Simon Heffer writing in today's Daily Telegraph says:
"one of Mr Johnson's failings is a belief that the public is there to serve him, not vice versa. He has given much pleasure to millions over the years, but will that cause the Underground to work better, the Metropolitan Police to catch more criminals, or business to thrive in London? Or would a Johnson mayoralty be yet one more chapter in an epic of charlatanry - perhaps, since it is so serious a job with potentially no hiding place, the last chapter?
"Mr Johnson will regard the job as a stepping stone to a Cameron cabinet (I have always expected Mr Johnson, in great old age, will befriend the Pope and the Archbishop of Canterbury, covering all bets about a better place in Paradise).
"Oddly enough, given how acute he is, that won't persuade him to do it properly. The guiding theme of his life is the charm of doing nothing properly. His sins themselves are charming in that they are the sort of failings that upset the Edwardians, and few others since.
"He is pushy, he is thoughtless, he is indiscreet about his private life. None of this matters much to anyone these days, which is why he has gone so far in spite of them, and tomorrow may go further still.
"Lynton Crosby, the Australian public relations genius who has kept Mr Johnson out of trouble during his campaign, returns home after it.
"Then what? Who will guide the unguided missile? Who will support the figurehead? Who will ensure he turns up on time, or at all? How will they be accountable?"

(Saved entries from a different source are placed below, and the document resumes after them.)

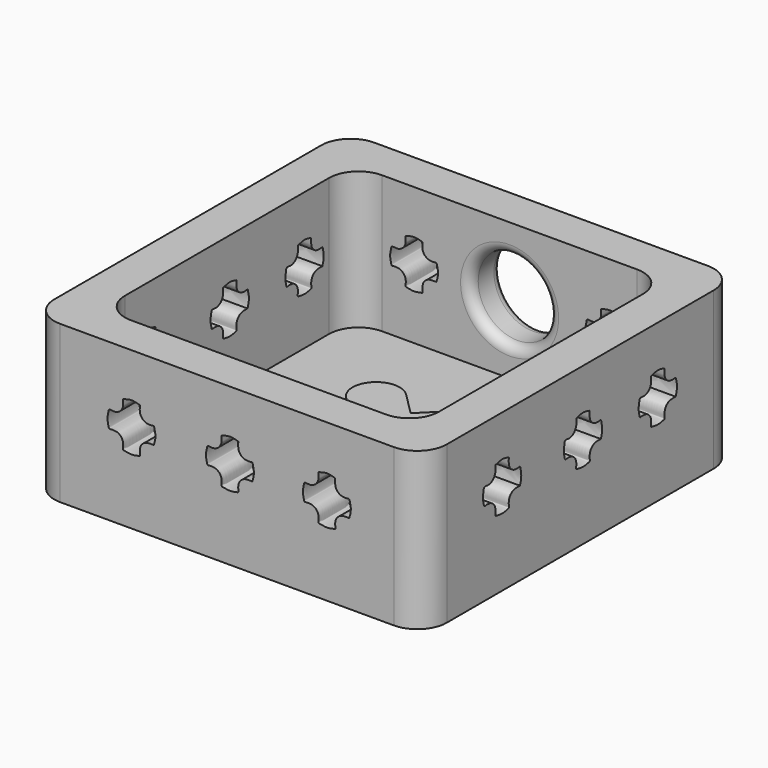
from build123d import *

# Parameters (mm, degrees)
F1_DEPTH      = 2
F2_W          = 40
F2_H          = 40
F3_DEPTH      = 2
F3_DEPTH_BACK = 14
F4_DEPTH      = 2
F5_R          = 3
F6_R          = 4
F7_DEPTH      = 25
F8_R          = 1
F10_DEPTH     = 25
F12_DEPTH     = 45.8


# Not quite as in the source:
# - a pattern or mirror of a feature is missing from the dataset's text; its kind, count and spacing are read off the source's solid


with BuildPart() as f1:
    # F0 (on Top) → F1 (new body)
    with BuildSketch(Plane.XY):
        with BuildLine():
            Line((4, -0.6058874503), (1.6970562748, 1.6970562748))
            ThreePointArc((1.6970562748, 1.6970562748), (-1.6970562748, 1.6970562748), (-1.6970562748, -1.6970562748))
            Line((-1.6970562748, -1.6970562748), (0.6058874503, -4))
            Line((0.6058874503, -4), (-1.6970562748, -6.3029437252))
            ThreePointArc((-1.6970562748, -6.3029437252), (-1.6970562748, -9.6970562748), (1.6970562748, -9.6970562748))
            Line((1.6970562748, -9.6970562748), (4, -7.3941125497))
            Line((4, -7.3941125497), (6.3029437252, -9.6970562748))
            ThreePointArc((6.3029437252, -9.6970562748), (9.6970562748, -9.6970562748), (9.6970562748, -6.3029437252))
            Line((9.6970562748, -6.3029437252), (7.3941125497, -4))
            Line((7.3941125497, -4), (9.6970562748, -1.6970562748))
            ThreePointArc((9.6970562748, -1.6970562748), (9.6970562748, 1.6970562748), (6.3029437252, 1.6970562748))
            Line((6.3029437252, 1.6970562748), (4, -0.6058874503))
        make_face()
    extrude(amount=F1_DEPTH)

    # F2 (on Top) → F4 (join)
    with BuildSketch(Plane.XY):
        with BuildLine():
            Line((17, 12), (-9, 12))
            ThreePointArc((-9, 12), (-11.1213203436, 11.1213203436), (-12, 9))
            Line((-12, 9), (-12, -17))
            ThreePointArc((-12, -17), (-11.1213203436, -19.1213203436), (-9, -20))
            Line((-9, -20), (17, -20))
            ThreePointArc((17, -20), (19.1213203436, -19.1213203436), (20, -17))
            Line((20, -17), (20, 9))
            ThreePointArc((20, 9), (19.1213203436, 11.1213203436), (17, 12))
        make_face()
    extrude(amount=-F4_DEPTH)


with BuildPart() as f3:
    # F2 (on Top) → F3 (new body, two sides)
    with BuildSketch(Plane.XY) as f3_sk:
        with Locations((4, -4)):
            Rectangle(F2_W, F2_H)
        with BuildLine():
            ThreePointArc((-12, 9), (-11.1213203436, 11.1213203436), (-9, 12))
            Line((-9, 12), (17, 12))
            ThreePointArc((17, 12), (19.1213203436, 11.1213203436), (20, 9))
            Line((20, 9), (20, -17))
            ThreePointArc((20, -17), (19.1213203436, -19.1213203436), (17, -20))
            Line((17, -20), (-9, -20))
            ThreePointArc((-9, -20), (-11.1213203436, -19.1213203436), (-12, -17))
            Line((-12, -17), (-12, 9))
        make_face(mode=Mode.SUBTRACT)
    extrude(amount=-F3_DEPTH)
    extrude(f3_sk.sketch, amount=F3_DEPTH_BACK)

    # F5
    f5_edges = [f3.edges().sort_by_distance(p)[0] for p in [
        (-16, -24, 6),
        (-16, 16, 6),
        (24, 16, 6),
        (24, -24, 6),
    ]]
    fillet(f5_edges, radius=F5_R)

    # F6 (on face) → F7 (cut)
    with BuildSketch(Plane(origin=(0, 16, 0), x_dir=(-1, 0, 0), z_dir=(0, 1, 0))):
        with Locations((-4, 7)):
            Circle(F6_R)
    extrude(amount=-F7_DEPTH, mode=Mode.SUBTRACT)

    # F8
    f8_edges = [f3.edges().sort_by_distance(p)[0] for p in [
        (8, 16, 7),
        (8, 12, 7),
    ]]
    fillet(f8_edges, radius=F8_R)

    # F9 (on face) → F10 (cut)
    with BuildSketch(Plane.XZ.offset(24)):
        with BuildLine():
            add(Edge.make_bspline(
                [(-6.5840265518, 9.3437267381), (-6.286408434, 9.4275877117), (-5.7023076012, 9.5950066295), (-5.1532978898, 9.4254739497), (-4.8840257185, 9.3437267381)],
                knots=[0, 0, 0, 0, 0.5095712537, 1, 1, 1, 1], degree=3))
            add(Edge.make_bspline(
                [(-6.5840265518, 9.3437267381), (-6.5841696509, 9.2446224959), (-6.5844438767, 9.0547054322), (-6.5825932662, 8.7979336724), (-6.5988182275, 8.609172852), (-6.7707458313, 8.2509387062), (-6.9735726246, 8.079923012), (-7.250701533, 7.9446481243), (-7.5437717101, 7.8925599497), (-8.077660269, 8.0248628406), (-8.0810784131, 7.6236458981), (-8.1649065579, 7.3625472686), (-8.1781814391, 7.0265606699), (-8.1535417531, 6.7364119598), (-8.0802507294, 6.4930721252), (-8.0454514039, 6.1628262916), (-7.7981073276, 6.2405421407), (-7.4978512443, 6.2260779569), (-7.2459325913, 6.194091152), (-7.0561037114, 6.118114005), (-6.8276872429, 5.9377813233), (-6.7252267328, 5.7961916646), (-6.6269718231, 5.6163632202), (-6.5808026719, 5.3578690355), (-6.5679532623, 5.1331167152), (-6.6600281407, 4.7409543997), (-6.3080518593, 4.7336285908), (-5.9846905263, 4.6481815982), (-5.698126367, 4.6467208848), (-5.4347625835, 4.6517875366), (-5.0847116703, 4.7519672139), (-4.8238785102, 4.7525241561), (-4.8965607786, 5.139699186), (-4.8941701444, 5.3873990167), (-4.7921945694, 5.737853877), (-4.6502771673, 5.9263389013), (-4.3801585127, 6.1591111569), (-3.953865455, 6.2407381261), (-3.6306534992, 6.2287716349), (-3.4628957185, 6.222560627)],
                knots=[0, 0, 0, 0, 0.0273605905, 0.0524320947, 0.0745076412, 0.1056108167, 0.1318649214, 0.158948127, 0.1874687016, 0.220995097, 0.2482860623, 0.2755720453, 0.3045111481, 0.3315301836, 0.3578655515, 0.3837385363, 0.4059679792, 0.434252013, 0.4594532962, 0.4822711791, 0.5090972104, 0.530231005, 0.5527300135, 0.5781274322, 0.6031996615, 0.6315546276, 0.6576667534, 0.6876672756, 0.714256594, 0.7402463844, 0.7710533559, 0.7932728015, 0.8216277676, 0.8482190477, 0.8777914221, 0.9023565188, 0.9315770045, 0.9644861842, 1, 1, 1, 1], degree=3))
            add(Edge.make_bspline(
                [(-4.8840257185, 9.3437267381), (-4.8935755093, 9.1506042586), (-4.9112536502, 8.7832152223), (-4.7756004039, 8.3288680656), (-4.4316068524, 8.0186270395), (-4.0888222693, 7.9133263313), (-3.6792961769, 7.9039789989), (-3.4252992175, 7.9777305663), (-3.3873804743, 7.6560080441), (-3.2915965783, 7.2992742436), (-3.2932886729, 6.9532412937), (-3.3298571311, 6.6299537163), (-3.4169636222, 6.3649352611), (-3.4628957185, 6.222560627)],
                knots=[0, 0, 0, 0, 0.1117445823, 0.2125923647, 0.3107430927, 0.4000660841, 0.4960442665, 0.5626441507, 0.6379036869, 0.7311412958, 0.8178947498, 0.9022950941, 1, 1, 1, 1], degree=3))
        make_face()
        with BuildLine():
            add(Edge.make_bspline(
                [(3.4491739476, 9.3437267381), (3.7467920654, 9.4275877117), (4.3308928982, 9.5950066295), (4.8799026096, 9.4254739497), (5.1491747809, 9.3437267381)],
                knots=[0, 0, 0, 0, 0.5095712537, 1, 1, 1, 1], degree=3))
            add(Edge.make_bspline(
                [(3.4491739476, 9.3437267381), (3.4490308485, 9.2446224959), (3.4487566227, 9.0547054322), (3.4506072332, 8.7979336724), (3.4343822719, 8.609172852), (3.2624546681, 8.2509387062), (3.0596278748, 8.079923012), (2.7824989664, 7.9446481243), (2.4894287893, 7.8925599497), (1.9555402304, 8.0248628406), (1.9521220863, 7.6236458981), (1.8682939415, 7.3625472686), (1.8550190603, 7.0265606699), (1.8796587463, 6.7364119598), (1.95294977, 6.4930721252), (1.9877490955, 6.1628262916), (2.2350931718, 6.2405421407), (2.5353492551, 6.2260779569), (2.7872679081, 6.194091152), (2.977096788, 6.118114005), (3.2055132565, 5.9377813233), (3.3079737666, 5.7961916646), (3.4062286763, 5.6163632202), (3.4523978275, 5.3578690355), (3.4652472371, 5.1331167152), (3.3731723587, 4.7409543997), (3.7251486401, 4.7336285908), (4.0485099731, 4.6481815982), (4.3350741324, 4.6467208848), (4.5984379159, 4.6517875366), (4.9484888291, 4.7519672139), (5.2093219892, 4.7525241561), (5.1366397208, 5.139699186), (5.139030355, 5.3873990167), (5.24100593, 5.737853877), (5.3829233321, 5.9263389013), (5.6530419867, 6.1591111569), (6.0793350444, 6.2407381261), (6.4025470002, 6.2287716349), (6.5703047809, 6.222560627)],
                knots=[0, 0, 0, 0, 0.0273605905, 0.0524320947, 0.0745076412, 0.1056108167, 0.1318649214, 0.158948127, 0.1874687016, 0.220995097, 0.2482860623, 0.2755720453, 0.3045111481, 0.3315301836, 0.3578655515, 0.3837385363, 0.4059679792, 0.434252013, 0.4594532962, 0.4822711791, 0.5090972104, 0.530231005, 0.5527300135, 0.5781274322, 0.6031996615, 0.6315546276, 0.6576667534, 0.6876672756, 0.714256594, 0.7402463844, 0.7710533559, 0.7932728015, 0.8216277676, 0.8482190477, 0.8777914221, 0.9023565188, 0.9315770045, 0.9644861842, 1, 1, 1, 1], degree=3))
            add(Edge.make_bspline(
                [(5.1491747809, 9.3437267381), (5.1396249901, 9.1506042586), (5.1219468492, 8.7832152223), (5.2576000955, 8.3288680656), (5.601593647, 8.0186270395), (5.9443782301, 7.9133263313), (6.3539043225, 7.9039789989), (6.6079012819, 7.9777305663), (6.6458200251, 7.6560080441), (6.7416039211, 7.2992742436), (6.7399118265, 6.9532412937), (6.7033433683, 6.6299537163), (6.6162368772, 6.3649352611), (6.5703047809, 6.222560627)],
                knots=[0, 0, 0, 0, 0.1117445823, 0.2125923647, 0.3107430927, 0.4000660841, 0.4960442665, 0.5626441507, 0.6379036869, 0.7311412958, 0.8178947498, 0.9022950941, 1, 1, 1, 1], degree=3))
        make_face()
        with BuildLine():
            add(Edge.make_bspline(
                [(13.3281609331, 9.2647962186), (13.625779051, 9.3486571921), (14.2098798838, 9.5160761099), (14.7588895952, 9.3465434302), (15.0281617664, 9.2647962186)],
                knots=[0, 0, 0, 0, 0.5095712537, 1, 1, 1, 1], degree=3))
            add(Edge.make_bspline(
                [(13.3281609331, 9.2647962186), (13.3280178341, 9.1656919763), (13.3277436082, 8.9757749126), (13.3295942187, 8.7190031529), (13.3133692574, 8.5302423325), (13.1414416536, 8.1720081867), (12.9386148603, 8.0009924924), (12.6614859519, 7.8657176048), (12.3684157749, 7.8136294302), (11.834527216, 7.9459323211), (11.8311090719, 7.5447153785), (11.7472809271, 7.2836167491), (11.7340060459, 6.9476301504), (11.7586457319, 6.6574814402), (11.8319367556, 6.4141416057), (11.866736081, 6.0838957721), (12.1140801574, 6.1616116212), (12.4143362407, 6.1471474374), (12.6662548936, 6.1151606325), (12.8560837735, 6.0391834855), (13.084500242, 5.8588508038), (13.1869607522, 5.7172611451), (13.2852156618, 5.5374327007), (13.3313848131, 5.278938516), (13.3442342227, 5.0541861957), (13.2521593443, 4.6620238801), (13.6041356256, 4.6546980712), (13.9274969586, 4.5692510786), (14.2140611179, 4.5677903652), (14.4774249014, 4.5728570171), (14.8274758147, 4.6730366943), (15.0883089747, 4.6735936366), (15.0156267064, 5.0607686665), (15.0180173406, 5.3084684972), (15.1199929156, 5.6589233574), (15.2619103177, 5.8474083818), (15.5320289723, 6.0801806374), (15.9583220299, 6.1618076066), (16.2815339858, 6.1498411154), (16.4492917664, 6.1436301075)],
                knots=[0, 0, 0, 0, 0.0273605905, 0.0524320947, 0.0745076412, 0.1056108167, 0.1318649214, 0.158948127, 0.1874687016, 0.220995097, 0.2482860623, 0.2755720453, 0.3045111481, 0.3315301836, 0.3578655515, 0.3837385363, 0.4059679792, 0.434252013, 0.4594532962, 0.4822711791, 0.5090972104, 0.530231005, 0.5527300135, 0.5781274322, 0.6031996615, 0.6315546276, 0.6576667534, 0.6876672756, 0.714256594, 0.7402463844, 0.7710533559, 0.7932728015, 0.8216277676, 0.8482190477, 0.8777914221, 0.9023565188, 0.9315770045, 0.9644861842, 1, 1, 1, 1], degree=3))
            add(Edge.make_bspline(
                [(15.0281617664, 9.2647962186), (15.0186119756, 9.0716737391), (15.0009338347, 8.7042847028), (15.1365870811, 8.2499375461), (15.4805806325, 7.93969652), (15.8233652156, 7.8343958117), (16.232891308, 7.8250484794), (16.4868882675, 7.8988000468), (16.5248070106, 7.5770775246), (16.6205909067, 7.2203437241), (16.618898812, 6.8743107742), (16.5823303539, 6.5510231967), (16.4952238628, 6.2860047416), (16.4492917664, 6.1436301075)],
                knots=[0, 0, 0, 0, 0.1117445823, 0.2125923647, 0.3107430927, 0.4000660841, 0.4960442665, 0.5626441507, 0.6379036869, 0.7311412958, 0.8178947498, 0.9022950941, 1, 1, 1, 1], degree=3))
        make_face()
    f10 = extrude(amount=-F10_DEPTH, mode=Mode.SUBTRACT)

    # F10_copies: F10 across plane
    add(f10.mirror(Plane.ZX.offset(-4)), mode=Mode.SUBTRACT)

    # F11 (on face) → F12 (cut)
    with BuildSketch(Plane.YZ.offset(24)):
        with BuildLine():
            add(Edge.make_bspline(
                [(-14.8045055538, 9.6274732526), (-14.5068874359, 9.7113342261), (-13.9227866031, 9.8787531439), (-13.3737768917, 9.7092204642), (-13.1045047205, 9.6274732526)],
                knots=[0, 0, 0, 0, 0.5095712537, 1, 1, 1, 1], degree=3))
            add(Edge.make_bspline(
                [(-14.8045055538, 9.6274732526), (-14.8046486528, 9.5283690103), (-14.8049228787, 9.3384519466), (-14.8030722682, 9.0816801869), (-14.8192972295, 8.8929193665), (-14.9912248333, 8.5346852207), (-15.1940516266, 8.3636695264), (-15.471180535, 8.2283946388), (-15.764250712, 8.1763064642), (-16.2981392709, 8.3086093551), (-16.301557415, 7.9073924125), (-16.3853855598, 7.6462937831), (-16.398660441, 7.3103071844), (-16.374020755, 7.0201584742), (-16.3007297313, 6.7768186396), (-16.2659304059, 6.4465728061), (-16.0185863295, 6.5242886552), (-15.7183302462, 6.5098244713), (-15.4664115933, 6.4778376665), (-15.2765827134, 6.4018605195), (-15.0481662449, 6.2215278378), (-14.9457057347, 6.0799381791), (-14.8474508251, 5.9001097346), (-14.8012816738, 5.64161555), (-14.7884322642, 5.4168632296), (-14.8805071426, 5.0247009141), (-14.5285308613, 5.0173751052), (-14.2051695283, 4.9319281126), (-13.918605369, 4.9304673992), (-13.6552415854, 4.9355340511), (-13.3051906722, 5.0357137283), (-13.0443575122, 5.0362706705), (-13.1170397805, 5.4234457005), (-13.1146491463, 5.6711455312), (-13.0126735713, 6.0216003914), (-12.8707561692, 6.2100854158), (-12.6006375146, 6.4428576714), (-12.174344457, 6.5244846406), (-11.8511325011, 6.5125181494), (-11.6833747205, 6.5063071415)],
                knots=[0, 0, 0, 0, 0.0273605905, 0.0524320947, 0.0745076412, 0.1056108167, 0.1318649214, 0.158948127, 0.1874687016, 0.220995097, 0.2482860623, 0.2755720453, 0.3045111481, 0.3315301836, 0.3578655515, 0.3837385363, 0.4059679792, 0.434252013, 0.4594532962, 0.4822711791, 0.5090972104, 0.530231005, 0.5527300135, 0.5781274322, 0.6031996615, 0.6315546276, 0.6576667534, 0.6876672756, 0.714256594, 0.7402463844, 0.7710533559, 0.7932728015, 0.8216277676, 0.8482190477, 0.8777914221, 0.9023565188, 0.9315770045, 0.9644861842, 1, 1, 1, 1], degree=3))
            add(Edge.make_bspline(
                [(-13.1045047205, 9.6274732526), (-13.1140545113, 9.4343507731), (-13.1317326522, 9.0669617368), (-12.9960794058, 8.6126145801), (-12.6520858544, 8.302373554), (-12.3093012713, 8.1970728457), (-11.8997751789, 8.1877255134), (-11.6457782194, 8.2614770808), (-11.6078594763, 7.9397545586), (-11.5120755802, 7.5830207581), (-11.5137676749, 7.2369878082), (-11.550336133, 6.9137002307), (-11.6374426241, 6.6486817756), (-11.6833747205, 6.5063071415)],
                knots=[0, 0, 0, 0, 0.1117445823, 0.2125923647, 0.3107430927, 0.4000660841, 0.4960442665, 0.5626441507, 0.6379036869, 0.7311412958, 0.8178947498, 0.9022950941, 1, 1, 1, 1], degree=3))
        make_face()
        with BuildLine():
            add(Edge.make_bspline(
                [(-4.5020328835, 9.6274732526), (-4.2044147656, 9.7113342261), (-3.6203139328, 9.8787531439), (-3.0713042214, 9.7092204642), (-2.8020320501, 9.6274732526)],
                knots=[0, 0, 0, 0, 0.5095712537, 1, 1, 1, 1], degree=3))
            add(Edge.make_bspline(
                [(-4.5020328835, 9.6274732526), (-4.5021759825, 9.5283690103), (-4.5024502083, 9.3384519466), (-4.5005995979, 9.0816801869), (-4.5168245592, 8.8929193665), (-4.6887521629, 8.5346852207), (-4.8915789562, 8.3636695264), (-5.1687078647, 8.2283946388), (-5.4617780417, 8.1763064642), (-5.9956666006, 8.3086093551), (-5.9990847447, 7.9073924125), (-6.0829128895, 7.6462937831), (-6.0961877707, 7.3103071844), (-6.0715480847, 7.0201584742), (-5.998257061, 6.7768186396), (-5.9634577355, 6.4465728061), (-5.7161136592, 6.5242886552), (-5.4158575759, 6.5098244713), (-5.163938923, 6.4778376665), (-4.9741100431, 6.4018605195), (-4.7456935746, 6.2215278378), (-4.6432330644, 6.0799381791), (-4.5449781547, 5.9001097346), (-4.4988090035, 5.64161555), (-4.4859595939, 5.4168632296), (-4.5780344723, 5.0247009141), (-4.2260581909, 5.0173751052), (-3.902696858, 4.9319281126), (-3.6161326986, 4.9304673992), (-3.3527689151, 4.9355340511), (-3.0027180019, 5.0357137283), (-2.7418848418, 5.0362706705), (-2.8145671102, 5.4234457005), (-2.812176476, 5.6711455312), (-2.710200901, 6.0216003914), (-2.5682834989, 6.2100854158), (-2.2981648443, 6.4428576714), (-1.8718717866, 6.5244846406), (-1.5486598308, 6.5125181494), (-1.3809020501, 6.5063071415)],
                knots=[0, 0, 0, 0, 0.0273605905, 0.0524320947, 0.0745076412, 0.1056108167, 0.1318649214, 0.158948127, 0.1874687016, 0.220995097, 0.2482860623, 0.2755720453, 0.3045111481, 0.3315301836, 0.3578655515, 0.3837385363, 0.4059679792, 0.434252013, 0.4594532962, 0.4822711791, 0.5090972104, 0.530231005, 0.5527300135, 0.5781274322, 0.6031996615, 0.6315546276, 0.6576667534, 0.6876672756, 0.714256594, 0.7402463844, 0.7710533559, 0.7932728015, 0.8216277676, 0.8482190477, 0.8777914221, 0.9023565188, 0.9315770045, 0.9644861842, 1, 1, 1, 1], degree=3))
            add(Edge.make_bspline(
                [(-2.8020320501, 9.6274732526), (-2.811581841, 9.4343507731), (-2.8292599818, 9.0669617368), (-2.6936067355, 8.6126145801), (-2.3496131841, 8.302373554), (-2.0068286009, 8.1970728457), (-1.5973025085, 8.1877255134), (-1.3433055491, 8.2614770808), (-1.3053868059, 7.9397545586), (-1.2096029099, 7.5830207581), (-1.2112950046, 7.2369878082), (-1.2478634627, 6.9137002307), (-1.3349699538, 6.6486817756), (-1.3809020501, 6.5063071415)],
                knots=[0, 0, 0, 0, 0.1117445823, 0.2125923647, 0.3107430927, 0.4000660841, 0.4960442665, 0.5626441507, 0.6379036869, 0.7311412958, 0.8178947498, 0.9022950941, 1, 1, 1, 1], degree=3))
        make_face()
        with BuildLine():
            add(Edge.make_bspline(
                [(5.0289737992, 9.548542733), (5.3265919171, 9.6324037066), (5.9106927499, 9.7998226244), (6.4597024613, 9.6302899447), (6.7289746325, 9.548542733)],
                knots=[0, 0, 0, 0, 0.5095712537, 1, 1, 1, 1], degree=3))
            add(Edge.make_bspline(
                [(5.0289737992, 9.548542733), (5.0288307002, 9.4494384908), (5.0285564743, 9.2595214271), (5.0304070848, 9.0027496673), (5.0141821235, 8.813988847), (4.8422545197, 8.4557547012), (4.6394277264, 8.2847390069), (4.362298818, 8.1494641193), (4.069228641, 8.0973759447), (3.5353400821, 8.2296788356), (3.531921938, 7.828461893), (3.4480937932, 7.5673632636), (3.4348189119, 7.2313766649), (3.459458598, 6.9412279547), (3.5327496217, 6.6978881201), (3.5675489471, 6.3676422866), (3.8148930235, 6.4453581356), (4.1151491068, 6.4308939518), (4.3670677597, 6.398907147), (4.5568966396, 6.3229299999), (4.7853131081, 6.1425973183), (4.8877736183, 6.0010076596), (4.9860285279, 5.8211792151), (5.0321976791, 5.5626850305), (5.0450470888, 5.3379327101), (4.9529722104, 4.9457703946), (5.3049484917, 4.9384445857), (5.6283098247, 4.8529975931), (5.914873984, 4.8515368797), (6.1782377675, 4.8566035315), (6.5282886808, 4.9567832088), (6.7891218408, 4.957340151), (6.7164395725, 5.344515181), (6.7188302066, 5.5922150117), (6.8208057816, 5.9426698719), (6.9627231837, 6.1311548963), (7.2328418384, 6.3639271518), (7.659134896, 6.4455541211), (7.9823468519, 6.4335876298), (8.1501046325, 6.4273766219)],
                knots=[0, 0, 0, 0, 0.0273605905, 0.0524320947, 0.0745076412, 0.1056108167, 0.1318649214, 0.158948127, 0.1874687016, 0.220995097, 0.2482860623, 0.2755720453, 0.3045111481, 0.3315301836, 0.3578655515, 0.3837385363, 0.4059679792, 0.434252013, 0.4594532962, 0.4822711791, 0.5090972104, 0.530231005, 0.5527300135, 0.5781274322, 0.6031996615, 0.6315546276, 0.6576667534, 0.6876672756, 0.714256594, 0.7402463844, 0.7710533559, 0.7932728015, 0.8216277676, 0.8482190477, 0.8777914221, 0.9023565188, 0.9315770045, 0.9644861842, 1, 1, 1, 1], degree=3))
            add(Edge.make_bspline(
                [(6.7289746325, 9.548542733), (6.7194248417, 9.3554202536), (6.7017467008, 8.9880312173), (6.8373999472, 8.5336840605), (7.1813934986, 8.2234430345), (7.5241780817, 8.1181423262), (7.9337041741, 8.1087949939), (8.1877011336, 8.1825465612), (8.2256198767, 7.8608240391), (8.3214037728, 7.5040902386), (8.3197116781, 7.1580572887), (8.28314322, 6.8347697112), (8.1960367288, 6.5697512561), (8.1501046325, 6.4273766219)],
                knots=[0, 0, 0, 0, 0.1117445823, 0.2125923647, 0.3107430927, 0.4000660841, 0.4960442665, 0.5626441507, 0.6379036869, 0.7311412958, 0.8178947498, 0.9022950941, 1, 1, 1, 1], degree=3))
        make_face()
    extrude(amount=-F12_DEPTH, mode=Mode.SUBTRACT)


solid = Compound([f1.part, f3.part])

http://www.telegraph.co.uk/opinion/main.jhtml?xml=/opinion/2008/04/30/do3001.xml
Peregrine Worsthorne, writing in the online journal The First Post:
"Never before having had the opportunity to observe Boris trying to conduct himself seriously and responsibly, I have to confess that his various attempts to do so last week were deeply disappointing. He just can't do it. The harder he tried, the more insincere, incoherent, evasive and even puerile he looked and sounded, even enabling the liberal candidate to score points. Take away the gags and jokes and nothing much is left...."
In contrast Worsthorne said on Ken Livingstone: "Last week was also the first time I observed much of him on TV, and I was worryingly impressed. For unlike Boris he showed that he could be both witty and serious at the same time."